Kişisel verilerin korunması her ne kadar diğer hukuk dalları ile de bağlantılı olsa da temelde ‘’Özel Hayatın Gizliliği’’ ilkesi içerisinde değerlendirilmektedir.  Kişisel veriler, kişilerin mahremiyeti kapsamında incelenmektedir. Kişisel verilerin korunması özel hayatı korumakla eşdeğer hükümdedir. Kişisel verilerin korunmasına dair hükümleri ihlal eden her fiil kişinin özel hayatına müdahale eder nitelikte bir fiildir.
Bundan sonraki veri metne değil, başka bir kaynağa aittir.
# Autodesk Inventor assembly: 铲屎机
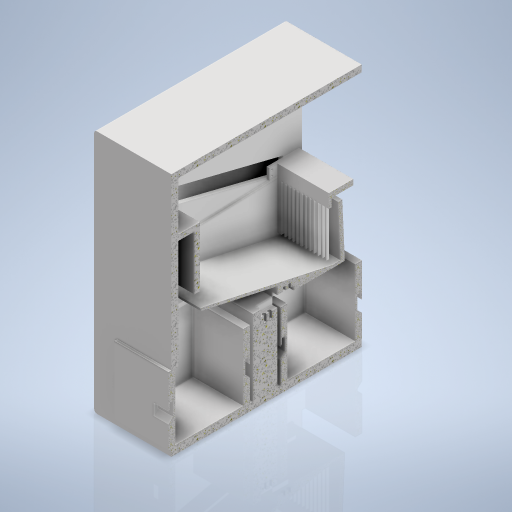
[picture p0: Inventor's stored thumbnail of the model, 512x512]
Saved by Autodesk Inventor 2023.1 (Build 271208000, 208)
## iProperties
Created: 2023-07-19
Part Number: 铲屎机
Document SubType Name: Assembly
Designer: Selcon
Author: Selcon
## Documents named in this file (8)
- C:\Users\Selcon\Desktop\hisi\铲屎机3D模型\铲屎机.iam
- C:\Users\Selcon\Desktop\hisi\铲屎机3D模型\外壳.ipt
- C:\Users\Selcon\Desktop\hisi\铲屎机3D模型\容器.ipt
- C:\Users\Selcon\Desktop\hisi\铲屎机3D模型\猫砂盆底座.ipt
- C:\Users\Selcon\Desktop\hisi\铲屎机3D模型\猫砂盆.ipt
- C:\Users\Selcon\Desktop\hisi\铲屎机3D模型\挡板.ipt
- C:\Users\Selcon\Desktop\hisi\铲屎机3D模型\猫铲.ipt
- C:\Users\Selcon\Desktop\hisi\铲屎机3D模型\外壳挡板.ipt
## Components (8 placed, 7 different names)
1. 外壳:1 — 配合:1, 配合:2, 配合:3, 配合:4, 配合:5, 配合:6, 配合:7, 配合:10, 配合:11, 配合:12, 配合:14, 表面齐平:1, 表面齐平:2
2. 容器:1 — 配合:4, 配合:5
3. 容器:2 — 配合:6, 配合:7
4. 猫砂盆底座:1 — 配合:10, 配合:11, 配合:12, 配合:13
5. 猫砂盆:1 — 配合:13, 配合:14, 旋转:1, 配合:15
6. 挡板:1 — 旋转:1
7. 猫铲:1 — 配合:15
8. 外壳挡板:1 — 表面齐平:1, 表面齐平:2
## Relationships (16: Mate 13, Flush 2, RevoluteJoint 1)
- 配合:1 [Mate]: 外壳:1
- 配合:2 [Mate]: 外壳:1
- 配合:3 [Mate]: 外壳:1
- 配合:4 [Mate]: 外壳:1 ↔ 容器:1
- 配合:5 [Mate]: 外壳:1 ↔ 容器:1
- 配合:6 [Mate]: 外壳:1 ↔ 容器:2
- 配合:7 [Mate]: 外壳:1 ↔ 容器:2
- 配合:10 [Mate]: 外壳:1 ↔ 猫砂盆底座:1
- 配合:11 [Mate]: 外壳:1 ↔ 猫砂盆底座:1
- 配合:12 [Mate]: 外壳:1 ↔ 猫砂盆底座:1
- 配合:13 [Mate]: 猫砂盆底座:1 ↔ 猫砂盆:1
- 配合:14 [Mate]: 外壳:1 ↔ 猫砂盆:1
- 旋转:1 [RevoluteJoint]: 猫砂盆:1 ↔ 挡板:1
- 配合:15 [Mate]: 猫砂盆:1 ↔ 猫铲:1
- 表面齐平:1 [Flush]: 外壳:1 ↔ 外壳挡板:1
- 表面齐平:2 [Flush]: 外壳:1 ↔ 外壳挡板:1

Teknolojinin gelişmesi ve sınır tanımazlığına bağlı olarak kişisel verilerin sadece paylaşım amacı ile sınırlı kalmasını beklemek artık mümkün olmamaktadır. Günümüz itibariyle her yaştan kişinin sosyal medya hesabı bulunmaktadır. Bu hesaplar üzerinden ‘’ Herkese Açık’’ seçeneğinin seçilmesi suretiyle bütün dünyanın görüşüne açık paylaşım yapma imkanı bulunmaktadır. Bu durum belki de kişisel verilerin en basit yayılma yoludur. Elbette kişisel verilere ulaşmak için daha kompleks durumlar da mevcut olmaktadır.

Kişisel verilerinin korunmasının ulusal ve uluslararası hukuk mevzuatta yasal dayanağı sahip olsa da verileri korumak adına bireylere de ciddi sorumluluklar düşmektedir. Sosyal medya platformlarından Facebook adlı medyanın bünyesinde bulunan İnstagram’ ın 500 Milyon kullanıcıya sayısına sahip olması üzerine kurucu Mark Zuckerberg bir paylaşımda bulunmuştur. Fotoğrafta Zuckerberg’ in kullandığı diz üstü bilgisayarın web kamera kısmının bantlanmış olduğu gözlenmiştir. Zuckerberg’ in paylaşmış olduğu fotoğraf paylaşma tarihi itibariyle de çok konuşulmuştur.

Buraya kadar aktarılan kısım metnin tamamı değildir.